Ve gıybet eden kabirde bile rahat yüzü göremeyecektir. Dayanılamaz eza ve işkenceler görecektir. Efendimiz a.s, Medine mezarlığına geldi. İki zengin kişinin kabri yanında durdu. Ve: ”Filan erkek ve filan kadını veya filan ve filan erkekleri defnettiniz mi, diye sordu. Ashap, evet ya Resulellah, dediler. Efendimiz a.s: “Filan şimdi oturtuldu ve dövüldü, dedikten sonra: Kudret ve iradesiyle yaşadığım Allah’a yemin ederim ki; öyle dövüldü ki, kırılmadık bir azası kalmadı. Kabrini de ateş sardı. Öyle feryat etti ki, insan ve cinden başka bütün yaratıklar onu işittiler. Eğer kalbiniz bozuk olmasa ve çok konuşmasanız benim işittiğimi sizde işitirdiniz, buyurdu. Günahları neydi Ya Resulellah, diye sorduklarında. Efendimiz a.s: Şu, idrardan iyi temizlenmezdi, öbürü ise insanların etlerini yerdi(gıybet ederdi) diye buyurdu. Kabirde gıybet edenin karışılacağı azap şekli böyledir. Allah muhafaza etsin. 27.
Böyle davranan kişileri, cehennemde de şiddetli bir azap bekliyor.
Efendimiz as: “Cehennemde dört kimse cehennem suyu ile ateş arasında feryad edip koşarak cehennemdekileri telaşa düşürürler. ”Cehennemdekiler birbirine: “Bunlara ne oldu! Bizi rahatsız ediyorlar” derler. “O dört kimseden biri ateşten kapalı tabutun içerisinde, diğeri bağırsaklarını yerde sürüyerek, biri de irin ve kan kusarak, dördüncüsü de kendi etini yiyerek azap görürler. Suçları ne ki bu şekilde azap görüyorlar. Her dördünü açıklayalım Ateşten tabutta azap görerek cehennem ehline eziyet verenin suçu sorulduğunda: “Ölürken üzerinde insanların hakkı kalmıştı. Yani borçlu olarak ölmüştü” denilir. Bağırsaklarını yere sürüyenin suçu sorulunca: ”İdrardan sakınmazdı” denilir. -İrin ve kan kusanın suçu sorulunca: “Müstehcen (çirkin)sözlerden hoşlanırdı” denilir. -Etini yiyenin suçu sorulunca: “İnsanları çekiştirir, gıybet eder ve söz ulaştırarak insanları birbirine düşürürdü” denilir.” diye buyurmaktadır. 16.
Efendimiz a.s devam ediyor.
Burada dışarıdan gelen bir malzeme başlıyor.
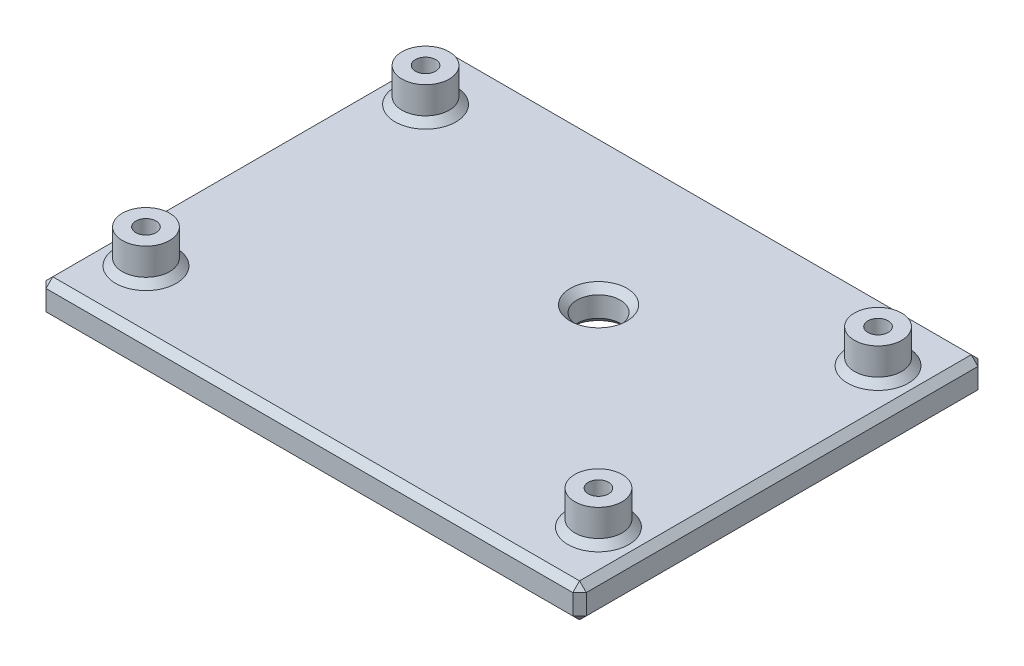
ISO-10303-21;
HEADER;
FILE_DESCRIPTION(('STEP AP214'),'2;1');
FILE_NAME('part.step','',(''),(''),'','','');
FILE_SCHEMA(('AUTOMOTIVE_DESIGN { 1 0 10303 214 1 1 1 1 }'));
ENDSEC;
DATA;
#1=APPLICATION_CONTEXT('core data for automotive mechanical design processes');
#2=APPLICATION_PROTOCOL_DEFINITION('international standard','automotive_design',2000,#1);
#3=PRODUCT_CONTEXT('',#1,'mechanical');
#4=PRODUCT('Part','Part','',(#3));
#5=PRODUCT_RELATED_PRODUCT_CATEGORY('part','',(#4));
#6=PRODUCT_DEFINITION_FORMATION('','',#4);
#7=PRODUCT_DEFINITION_CONTEXT('part definition',#1,'design');
#8=PRODUCT_DEFINITION('design','',#6,#7);
#9=PRODUCT_DEFINITION_SHAPE('','',#8);
#10=(LENGTH_UNIT() NAMED_UNIT(*) SI_UNIT(.MILLI.,.METRE.));
#11=(NAMED_UNIT(*) PLANE_ANGLE_UNIT() SI_UNIT($,.RADIAN.));
#12=(NAMED_UNIT(*) SI_UNIT($,.STERADIAN.) SOLID_ANGLE_UNIT());
#13=UNCERTAINTY_MEASURE_WITH_UNIT(LENGTH_MEASURE(1.E-05),#10,'distance_accuracy_value','');
#14=(GEOMETRIC_REPRESENTATION_CONTEXT(3) GLOBAL_UNCERTAINTY_ASSIGNED_CONTEXT((#13)) GLOBAL_UNIT_ASSIGNED_CONTEXT((#10,
#11,#12)) REPRESENTATION_CONTEXT('',''));
#15=CARTESIAN_POINT('',(0.,0.,0.));
#16=DIRECTION('',(0.,0.,1.));
#17=DIRECTION('',(1.,0.,0.));
#18=AXIS2_PLACEMENT_3D('',#15,#16,#17);
#19=CARTESIAN_POINT('',(40.,5.,30.));
#20=DIRECTION('',(-1.,0.,0.));
#21=DIRECTION('',(0.,0.,1.));
#22=AXIS2_PLACEMENT_3D('',#19,#20,#21);
#23=PLANE('',#22);
#24=DIRECTION('',(0.,1.,0.));
#25=VECTOR('',#24,1.);
#26=CARTESIAN_POINT('',(40.,5.,-29.));
#27=LINE('',#26,#25);
#28=CARTESIAN_POINT('',(40.,1.00000000000001,-29.));
#29=VERTEX_POINT('',#28);
#30=CARTESIAN_POINT('',(40.,3.99999999999999,-29.));
#31=VERTEX_POINT('',#30);
#32=EDGE_CURVE('E45',#29,#31,#27,.T.);
#33=ORIENTED_EDGE('',*,*,#32,.T.);
#34=DIRECTION('',(0.,0.,1.));
#35=VECTOR('',#34,1.);
#36=CARTESIAN_POINT('',(40.,3.99999999999999,30.));
#37=LINE('',#36,#35);
#38=CARTESIAN_POINT('',(40.,3.99999999999999,29.));
#39=VERTEX_POINT('',#38);
#40=EDGE_CURVE('E11',#31,#39,#37,.T.);
#41=ORIENTED_EDGE('',*,*,#40,.T.);
#42=DIRECTION('',(0.,-1.,0.));
#43=VECTOR('',#42,1.);
#44=CARTESIAN_POINT('',(40.,5.,29.));
#45=LINE('',#44,#43);
#46=CARTESIAN_POINT('',(40.,1.00000000000001,29.));
#47=VERTEX_POINT('',#46);
#48=EDGE_CURVE('E254',#39,#47,#45,.T.);
#49=ORIENTED_EDGE('',*,*,#48,.T.);
#50=DIRECTION('',(0.,0.,-1.));
#51=VECTOR('',#50,1.);
#52=CARTESIAN_POINT('',(40.,1.00000000000001,-30.));
#53=LINE('',#52,#51);
#54=EDGE_CURVE('E56',#47,#29,#53,.T.);
#55=ORIENTED_EDGE('',*,*,#54,.T.);
#56=EDGE_LOOP('',(#33,#41,#49,#55));
#57=FACE_BOUND('',#56,.T.);
#58=ADVANCED_FACE('F35',(#57),#23,.F.);
#59=CARTESIAN_POINT('',(-40.,5.,-30.));
#60=DIRECTION('',(0.,0.,1.));
#61=DIRECTION('',(1.,0.,0.));
#62=AXIS2_PLACEMENT_3D('',#59,#60,#61);
#63=PLANE('',#62);
#64=DIRECTION('',(-1.,0.,0.));
#65=VECTOR('',#64,1.);
#66=CARTESIAN_POINT('',(-40.,1.00000000000001,-30.));
#67=LINE('',#66,#65);
#68=CARTESIAN_POINT('',(39.,1.00000000000001,-30.));
#69=VERTEX_POINT('',#68);
#70=CARTESIAN_POINT('',(-39.,1.00000000000001,-30.));
#71=VERTEX_POINT('',#70);
#72=EDGE_CURVE('E239',#69,#71,#67,.T.);
#73=ORIENTED_EDGE('',*,*,#72,.T.);
#74=DIRECTION('',(0.,1.,0.));
#75=VECTOR('',#74,1.);
#76=CARTESIAN_POINT('',(-39.,5.,-30.));
#77=LINE('',#76,#75);
#78=CARTESIAN_POINT('',(-39.,3.99999999999997,-30.));
#79=VERTEX_POINT('',#78);
#80=EDGE_CURVE('E243',#71,#79,#77,.T.);
#81=ORIENTED_EDGE('',*,*,#80,.T.);
#82=DIRECTION('',(1.,0.,0.));
#83=VECTOR('',#82,1.);
#84=CARTESIAN_POINT('',(-40.,3.99999999999997,-30.));
#85=LINE('',#84,#83);
#86=CARTESIAN_POINT('',(39.,3.99999999999997,-30.));
#87=VERTEX_POINT('',#86);
#88=EDGE_CURVE('E241',#79,#87,#85,.T.);
#89=ORIENTED_EDGE('',*,*,#88,.T.);
#90=DIRECTION('',(0.,-1.,0.));
#91=VECTOR('',#90,1.);
#92=CARTESIAN_POINT('',(39.,5.,-30.));
#93=LINE('',#92,#91);
#94=EDGE_CURVE('E237',#87,#69,#93,.T.);
#95=ORIENTED_EDGE('',*,*,#94,.T.);
#96=EDGE_LOOP('',(#73,#81,#89,#95));
#97=FACE_BOUND('',#96,.T.);
#98=ADVANCED_FACE('F387',(#97),#63,.F.);
#99=CARTESIAN_POINT('',(-40.,5.,30.));
#100=DIRECTION('',(1.,0.,0.));
#101=DIRECTION('',(0.,0.,-1.));
#102=AXIS2_PLACEMENT_3D('',#99,#100,#101);
#103=PLANE('',#102);
#104=DIRECTION('',(0.,1.,0.));
#105=VECTOR('',#104,1.);
#106=CARTESIAN_POINT('',(-40.,5.,29.));
#107=LINE('',#106,#105);
#108=CARTESIAN_POINT('',(-40.,1.00000000000001,29.));
#109=VERTEX_POINT('',#108);
#110=CARTESIAN_POINT('',(-40.,3.99999999999997,29.));
#111=VERTEX_POINT('',#110);
#112=EDGE_CURVE('E230',#109,#111,#107,.T.);
#113=ORIENTED_EDGE('',*,*,#112,.T.);
#114=DIRECTION('',(0.,0.,-1.));
#115=VECTOR('',#114,1.);
#116=CARTESIAN_POINT('',(-40.,3.99999999999997,30.));
#117=LINE('',#116,#115);
#118=CARTESIAN_POINT('',(-40.,3.99999999999997,-29.));
#119=VERTEX_POINT('',#118);
#120=EDGE_CURVE('E235',#111,#119,#117,.T.);
#121=ORIENTED_EDGE('',*,*,#120,.T.);
#122=DIRECTION('',(0.,-1.,0.));
#123=VECTOR('',#122,1.);
#124=CARTESIAN_POINT('',(-40.,5.,-29.));
#125=LINE('',#124,#123);
#126=CARTESIAN_POINT('',(-40.,1.00000000000001,-29.));
#127=VERTEX_POINT('',#126);
#128=EDGE_CURVE('E232',#119,#127,#125,.T.);
#129=ORIENTED_EDGE('',*,*,#128,.T.);
#130=DIRECTION('',(0.,0.,1.));
#131=VECTOR('',#130,1.);
#132=CARTESIAN_POINT('',(-40.,1.00000000000001,30.));
#133=LINE('',#132,#131);
#134=EDGE_CURVE('E228',#127,#109,#133,.T.);
#135=ORIENTED_EDGE('',*,*,#134,.T.);
#136=EDGE_LOOP('',(#113,#121,#129,#135));
#137=FACE_BOUND('',#136,.T.);
#138=ADVANCED_FACE('F361',(#137),#103,.F.);
#139=CARTESIAN_POINT('',(-40.,5.,30.));
#140=DIRECTION('',(0.,0.,-1.));
#141=DIRECTION('',(-1.,0.,0.));
#142=AXIS2_PLACEMENT_3D('',#139,#140,#141);
#143=PLANE('',#142);
#144=DIRECTION('',(-1.,0.,0.));
#145=VECTOR('',#144,1.);
#146=CARTESIAN_POINT('',(-40.,3.99999999999997,30.));
#147=LINE('',#146,#145);
#148=CARTESIAN_POINT('',(39.,3.99999999999997,30.));
#149=VERTEX_POINT('',#148);
#150=CARTESIAN_POINT('',(-39.,3.99999999999997,30.));
#151=VERTEX_POINT('',#150);
#152=EDGE_CURVE('E152',#149,#151,#147,.T.);
#153=ORIENTED_EDGE('',*,*,#152,.T.);
#154=DIRECTION('',(0.,-1.,0.));
#155=VECTOR('',#154,1.);
#156=CARTESIAN_POINT('',(-39.,5.,30.));
#157=LINE('',#156,#155);
#158=CARTESIAN_POINT('',(-39.,1.00000000000003,30.));
#159=VERTEX_POINT('',#158);
#160=EDGE_CURVE('E251',#151,#159,#157,.T.);
#161=ORIENTED_EDGE('',*,*,#160,.T.);
#162=DIRECTION('',(1.,0.,0.));
#163=VECTOR('',#162,1.);
#164=CARTESIAN_POINT('',(40.,1.00000000000003,30.));
#165=LINE('',#164,#163);
#166=CARTESIAN_POINT('',(39.,1.00000000000003,30.));
#167=VERTEX_POINT('',#166);
#168=EDGE_CURVE('E248',#159,#167,#165,.T.);
#169=ORIENTED_EDGE('',*,*,#168,.T.);
#170=DIRECTION('',(0.,1.,0.));
#171=VECTOR('',#170,1.);
#172=CARTESIAN_POINT('',(39.,5.,30.));
#173=LINE('',#172,#171);
#174=EDGE_CURVE('E246',#167,#149,#173,.T.);
#175=ORIENTED_EDGE('',*,*,#174,.T.);
#176=EDGE_LOOP('',(#153,#161,#169,#175));
#177=FACE_BOUND('',#176,.T.);
#178=ADVANCED_FACE('F582',(#177),#143,.F.);
#179=CARTESIAN_POINT('',(0.,5.,0.));
#180=DIRECTION('',(0.,-1.,0.));
#181=DIRECTION('',(0.,0.,-1.));
#182=AXIS2_PLACEMENT_3D('',#179,#180,#181);
#183=PLANE('',#182);
#184=CARTESIAN_POINT('',(33.5,5.,-20.7));
#185=DIRECTION('',(0.,-1.,0.));
#186=DIRECTION('',(0.,0.,-1.));
#187=AXIS2_PLACEMENT_3D('',#184,#185,#186);
#188=CIRCLE('',#187,4.49999999999998);
#189=CARTESIAN_POINT('',(33.5,5.,-25.2));
#190=VERTEX_POINT('',#189);
#191=EDGE_CURVE('E174',#190,#190,#188,.T.);
#192=ORIENTED_EDGE('',*,*,#191,.T.);
#193=EDGE_LOOP('',(#192));
#194=FACE_BOUND('',#193,.T.);
#195=CARTESIAN_POINT('',(33.5,5.,20.7));
#196=DIRECTION('',(0.,-1.,0.));
#197=DIRECTION('',(0.,0.,-1.));
#198=AXIS2_PLACEMENT_3D('',#195,#196,#197);
#199=CIRCLE('',#198,4.49999999999998);
#200=CARTESIAN_POINT('',(33.5,5.,16.2));
#201=VERTEX_POINT('',#200);
#202=EDGE_CURVE('E171',#201,#201,#199,.T.);
#203=ORIENTED_EDGE('',*,*,#202,.T.);
#204=EDGE_LOOP('',(#203));
#205=FACE_BOUND('',#204,.T.);
#206=CARTESIAN_POINT('',(-33.5,5.,20.7));
#207=DIRECTION('',(0.,-1.,0.));
#208=DIRECTION('',(0.,0.,-1.));
#209=AXIS2_PLACEMENT_3D('',#206,#207,#208);
#210=CIRCLE('',#209,4.49999999999998);
#211=CARTESIAN_POINT('',(-33.5,5.,16.2));
#212=VERTEX_POINT('',#211);
#213=EDGE_CURVE('E168',#212,#212,#210,.T.);
#214=ORIENTED_EDGE('',*,*,#213,.T.);
#215=EDGE_LOOP('',(#214));
#216=FACE_BOUND('',#215,.T.);
#217=CARTESIAN_POINT('',(-33.5,5.,-20.7));
#218=DIRECTION('',(0.,-1.,0.));
#219=DIRECTION('',(0.,0.,-1.));
#220=AXIS2_PLACEMENT_3D('',#217,#218,#219);
#221=CIRCLE('',#220,4.49999999999998);
#222=CARTESIAN_POINT('',(-33.5,5.,-25.2));
#223=VERTEX_POINT('',#222);
#224=EDGE_CURVE('E161',#223,#223,#221,.T.);
#225=ORIENTED_EDGE('',*,*,#224,.T.);
#226=EDGE_LOOP('',(#225));
#227=FACE_BOUND('',#226,.T.);
#228=CARTESIAN_POINT('',(4.995,5.,-7.825));
#229=DIRECTION('',(0.,-1.,0.));
#230=DIRECTION('',(0.,0.,-1.));
#231=AXIS2_PLACEMENT_3D('',#228,#229,#230);
#232=CIRCLE('',#231,4.20000000000002);
#233=CARTESIAN_POINT('',(4.995,5.,-12.025));
#234=VERTEX_POINT('',#233);
#235=EDGE_CURVE('E158',#234,#234,#232,.T.);
#236=ORIENTED_EDGE('',*,*,#235,.T.);
#237=EDGE_LOOP('',(#236));
#238=FACE_BOUND('',#237,.T.);
#239=DIRECTION('',(0.,0.,1.));
#240=VECTOR('',#239,1.);
#241=CARTESIAN_POINT('',(-39.,5.,0.));
#242=LINE('',#241,#240);
#243=CARTESIAN_POINT('',(-39.,5.,-29.));
#244=VERTEX_POINT('',#243);
#245=CARTESIAN_POINT('',(-39.,5.,29.));
#246=VERTEX_POINT('',#245);
#247=EDGE_CURVE('E157',#244,#246,#242,.T.);
#248=ORIENTED_EDGE('',*,*,#247,.T.);
#249=DIRECTION('',(1.,0.,0.));
#250=VECTOR('',#249,1.);
#251=CARTESIAN_POINT('',(0.,5.,29.));
#252=LINE('',#251,#250);
#253=CARTESIAN_POINT('',(39.,5.,29.));
#254=VERTEX_POINT('',#253);
#255=EDGE_CURVE('E150',#246,#254,#252,.T.);
#256=ORIENTED_EDGE('',*,*,#255,.T.);
#257=DIRECTION('',(0.,0.,-1.));
#258=VECTOR('',#257,1.);
#259=CARTESIAN_POINT('',(39.,5.,0.));
#260=LINE('',#259,#258);
#261=CARTESIAN_POINT('',(39.,5.,-29.));
#262=VERTEX_POINT('',#261);
#263=EDGE_CURVE('E123',#254,#262,#260,.T.);
#264=ORIENTED_EDGE('',*,*,#263,.T.);
#265=DIRECTION('',(-1.,0.,0.));
#266=VECTOR('',#265,1.);
#267=CARTESIAN_POINT('',(0.,5.,-29.));
#268=LINE('',#267,#266);
#269=EDGE_CURVE('E133',#262,#244,#268,.T.);
#270=ORIENTED_EDGE('',*,*,#269,.T.);
#271=EDGE_LOOP('',(#248,#256,#264,#270));
#272=FACE_BOUND('',#271,.T.);
#273=ADVANCED_FACE('F155',(#194,#205,#216,#227,#238,#272),#183,.F.);
#274=CARTESIAN_POINT('',(0.,0.,0.));
#275=DIRECTION('',(0.,-1.,0.));
#276=DIRECTION('',(0.,0.,-1.));
#277=AXIS2_PLACEMENT_3D('',#274,#275,#276);
#278=PLANE('',#277);
#279=CARTESIAN_POINT('',(33.5,0.,20.7));
#280=DIRECTION('',(0.,-1.,0.));
#281=DIRECTION('',(0.,0.,-1.));
#282=AXIS2_PLACEMENT_3D('',#279,#280,#281);
#283=CIRCLE('',#282,2.50000000000002);
#284=CARTESIAN_POINT('',(33.5,0.,18.2));
#285=VERTEX_POINT('',#284);
#286=EDGE_CURVE('E213',#285,#285,#283,.F.);
#287=ORIENTED_EDGE('',*,*,#286,.T.);
#288=EDGE_LOOP('',(#287));
#289=FACE_BOUND('',#288,.T.);
#290=CARTESIAN_POINT('',(4.995,0.,-7.825));
#291=DIRECTION('',(0.,-1.,0.));
#292=DIRECTION('',(0.,0.,-1.));
#293=AXIS2_PLACEMENT_3D('',#290,#291,#292);
#294=CIRCLE('',#293,4.20000000000002);
#295=CARTESIAN_POINT('',(4.995,0.,-12.025));
#296=VERTEX_POINT('',#295);
#297=EDGE_CURVE('E210',#296,#296,#294,.F.);
#298=ORIENTED_EDGE('',*,*,#297,.T.);
#299=EDGE_LOOP('',(#298));
#300=FACE_BOUND('',#299,.T.);
#301=CARTESIAN_POINT('',(-33.5,0.,-20.7));
#302=DIRECTION('',(0.,-1.,0.));
#303=DIRECTION('',(0.,0.,-1.));
#304=AXIS2_PLACEMENT_3D('',#301,#302,#303);
#305=CIRCLE('',#304,2.50000000000002);
#306=CARTESIAN_POINT('',(-33.5,0.,-23.2));
#307=VERTEX_POINT('',#306);
#308=EDGE_CURVE('E207',#307,#307,#305,.F.);
#309=ORIENTED_EDGE('',*,*,#308,.T.);
#310=EDGE_LOOP('',(#309));
#311=FACE_BOUND('',#310,.T.);
#312=CARTESIAN_POINT('',(-33.5,0.,20.7));
#313=DIRECTION('',(0.,-1.,0.));
#314=DIRECTION('',(0.,0.,-1.));
#315=AXIS2_PLACEMENT_3D('',#312,#313,#314);
#316=CIRCLE('',#315,2.50000000000002);
#317=CARTESIAN_POINT('',(-33.5,0.,18.2));
#318=VERTEX_POINT('',#317);
#319=EDGE_CURVE('E204',#318,#318,#316,.F.);
#320=ORIENTED_EDGE('',*,*,#319,.T.);
#321=EDGE_LOOP('',(#320));
#322=FACE_BOUND('',#321,.T.);
#323=CARTESIAN_POINT('',(33.5,0.,-20.7));
#324=DIRECTION('',(0.,-1.,0.));
#325=DIRECTION('',(0.,0.,-1.));
#326=AXIS2_PLACEMENT_3D('',#323,#324,#325);
#327=CIRCLE('',#326,2.50000000000002);
#328=CARTESIAN_POINT('',(33.5,0.,-23.2));
#329=VERTEX_POINT('',#328);
#330=EDGE_CURVE('E201',#329,#329,#327,.F.);
#331=ORIENTED_EDGE('',*,*,#330,.T.);
#332=EDGE_LOOP('',(#331));
#333=FACE_BOUND('',#332,.T.);
#334=DIRECTION('',(0.,0.,-1.));
#335=VECTOR('',#334,1.);
#336=CARTESIAN_POINT('',(-39.,0.,-30.));
#337=LINE('',#336,#335);
#338=CARTESIAN_POINT('',(-39.,0.,29.));
#339=VERTEX_POINT('',#338);
#340=CARTESIAN_POINT('',(-39.,0.,-29.));
#341=VERTEX_POINT('',#340);
#342=EDGE_CURVE('E196',#339,#341,#337,.T.);
#343=ORIENTED_EDGE('',*,*,#342,.T.);
#344=DIRECTION('',(1.,0.,0.));
#345=VECTOR('',#344,1.);
#346=CARTESIAN_POINT('',(40.,0.,-29.));
#347=LINE('',#346,#345);
#348=CARTESIAN_POINT('',(39.,0.,-29.));
#349=VERTEX_POINT('',#348);
#350=EDGE_CURVE('E198',#341,#349,#347,.T.);
#351=ORIENTED_EDGE('',*,*,#350,.T.);
#352=DIRECTION('',(0.,0.,1.));
#353=VECTOR('',#352,1.);
#354=CARTESIAN_POINT('',(39.,0.,30.));
#355=LINE('',#354,#353);
#356=CARTESIAN_POINT('',(39.,0.,29.));
#357=VERTEX_POINT('',#356);
#358=EDGE_CURVE('E192',#349,#357,#355,.T.);
#359=ORIENTED_EDGE('',*,*,#358,.T.);
#360=DIRECTION('',(-1.,0.,0.));
#361=VECTOR('',#360,1.);
#362=CARTESIAN_POINT('',(-40.,0.,29.));
#363=LINE('',#362,#361);
#364=EDGE_CURVE('E194',#357,#339,#363,.T.);
#365=ORIENTED_EDGE('',*,*,#364,.T.);
#366=EDGE_LOOP('',(#343,#351,#359,#365));
#367=FACE_BOUND('',#366,.T.);
#368=ADVANCED_FACE('F589',(#289,#300,#311,#322,#333,#367),#278,.T.);
#369=CARTESIAN_POINT('',(33.5,10.,-20.7));
#370=DIRECTION('',(0.,-1.,0.));
#371=DIRECTION('',(0.,0.,-1.));
#372=AXIS2_PLACEMENT_3D('',#369,#370,#371);
#373=CYLINDRICAL_SURFACE('',#372,3.5);
#374=CARTESIAN_POINT('',(33.5,5.99999999999999,-20.7));
#375=DIRECTION('',(0.,-1.,0.));
#376=DIRECTION('',(0.,0.,-1.));
#377=AXIS2_PLACEMENT_3D('',#374,#375,#376);
#378=CIRCLE('',#377,3.5);
#379=CARTESIAN_POINT('',(33.5,5.99999999999999,-24.2));
#380=VERTEX_POINT('',#379);
#381=EDGE_CURVE('E134',#380,#380,#378,.F.);
#382=ORIENTED_EDGE('',*,*,#381,.T.);
#383=EDGE_LOOP('',(#382));
#384=FACE_BOUND('',#383,.T.);
#385=CARTESIAN_POINT('',(33.5,10.,-20.7));
#386=DIRECTION('',(0.,1.,0.));
#387=DIRECTION('',(0.,0.,1.));
#388=AXIS2_PLACEMENT_3D('',#385,#386,#387);
#389=CIRCLE('',#388,3.5);
#390=CARTESIAN_POINT('',(33.5,10.,-17.2));
#391=VERTEX_POINT('',#390);
#392=EDGE_CURVE('E338',#391,#391,#389,.T.);
#393=ORIENTED_EDGE('',*,*,#392,.F.);
#394=EDGE_LOOP('',(#393));
#395=FACE_BOUND('',#394,.T.);
#396=ADVANCED_FACE('F594',(#384,#395),#373,.T.);
#397=CARTESIAN_POINT('',(33.5,10.,-20.7));
#398=DIRECTION('',(0.,1.,0.));
#399=DIRECTION('',(0.,0.,1.));
#400=AXIS2_PLACEMENT_3D('',#397,#398,#399);
#401=PLANE('',#400);
#402=CARTESIAN_POINT('',(33.5,10.,-20.7));
#403=DIRECTION('',(0.,1.,0.));
#404=DIRECTION('',(0.,0.,1.));
#405=AXIS2_PLACEMENT_3D('',#402,#403,#404);
#406=CIRCLE('',#405,1.5);
#407=CARTESIAN_POINT('',(33.5,10.,-19.2));
#408=VERTEX_POINT('',#407);
#409=EDGE_CURVE('E321',#408,#408,#406,.T.);
#410=ORIENTED_EDGE('',*,*,#409,.F.);
#411=EDGE_LOOP('',(#410));
#412=FACE_BOUND('',#411,.T.);
#413=ORIENTED_EDGE('',*,*,#392,.T.);
#414=EDGE_LOOP('',(#413));
#415=FACE_BOUND('',#414,.T.);
#416=ADVANCED_FACE('F599',(#412,#415),#401,.T.);
#417=CARTESIAN_POINT('',(33.5,10.,20.7));
#418=DIRECTION('',(0.,-1.,0.));
#419=DIRECTION('',(0.,0.,-1.));
#420=AXIS2_PLACEMENT_3D('',#417,#418,#419);
#421=CYLINDRICAL_SURFACE('',#420,3.5);
#422=CARTESIAN_POINT('',(33.5,5.99999999999999,20.7));
#423=DIRECTION('',(0.,-1.,0.));
#424=DIRECTION('',(0.,0.,-1.));
#425=AXIS2_PLACEMENT_3D('',#422,#423,#424);
#426=CIRCLE('',#425,3.5);
#427=CARTESIAN_POINT('',(33.5,5.99999999999999,17.2));
#428=VERTEX_POINT('',#427);
#429=EDGE_CURVE('E177',#428,#428,#426,.F.);
#430=ORIENTED_EDGE('',*,*,#429,.T.);
#431=EDGE_LOOP('',(#430));
#432=FACE_BOUND('',#431,.T.);
#433=CARTESIAN_POINT('',(33.5,10.,20.7));
#434=DIRECTION('',(0.,1.,0.));
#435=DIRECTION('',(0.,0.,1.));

Bir başka rivayetinde de:
“Miraca çıkarıldığımda, ateşten makaslarla derileri kesilen kimselere rastladım. “Bunlar kimlerdir? Ya Cebrail!” dedim: “Bunlar zina için süslenenlerdir” diye cevap verdi. Sonra bir pislik çukuruna rastladım, çok pis kokuyordu. Oradan acı acı bağırmalar işittim. “Bunlar kimdir, Ya Cebrail!” dediğimde: “Bunlar zina için süslenen ve onlara helal olmayanı yapan kadınlardır” dedi. Daha sonra memelerinden asılan bir grup kadın ve erkeklere rastladım. “Bunlar kimlerdir, Ya Cebrail,” deyince de: “Bunlar kaş ve gözleri ile işaret ederek insanlarla alay eden ve gıybet edenlerdir” dedi. Bu Yüce Allah’ın: (Hümeze,1) “Arkadan çekiştirmeyi, yüze karşı (el, kaş, göz işaretiyle) alay etmeyi ve ayıplamayı adet edinenlerin vay haline ayetiyle bildirilmiştir”. diye buyurmaktadır. 27.
Evet kıymetli Okurlar; Müslüman için bu kadar sakıncalı ve tehlikeli bir davranış biçimidir.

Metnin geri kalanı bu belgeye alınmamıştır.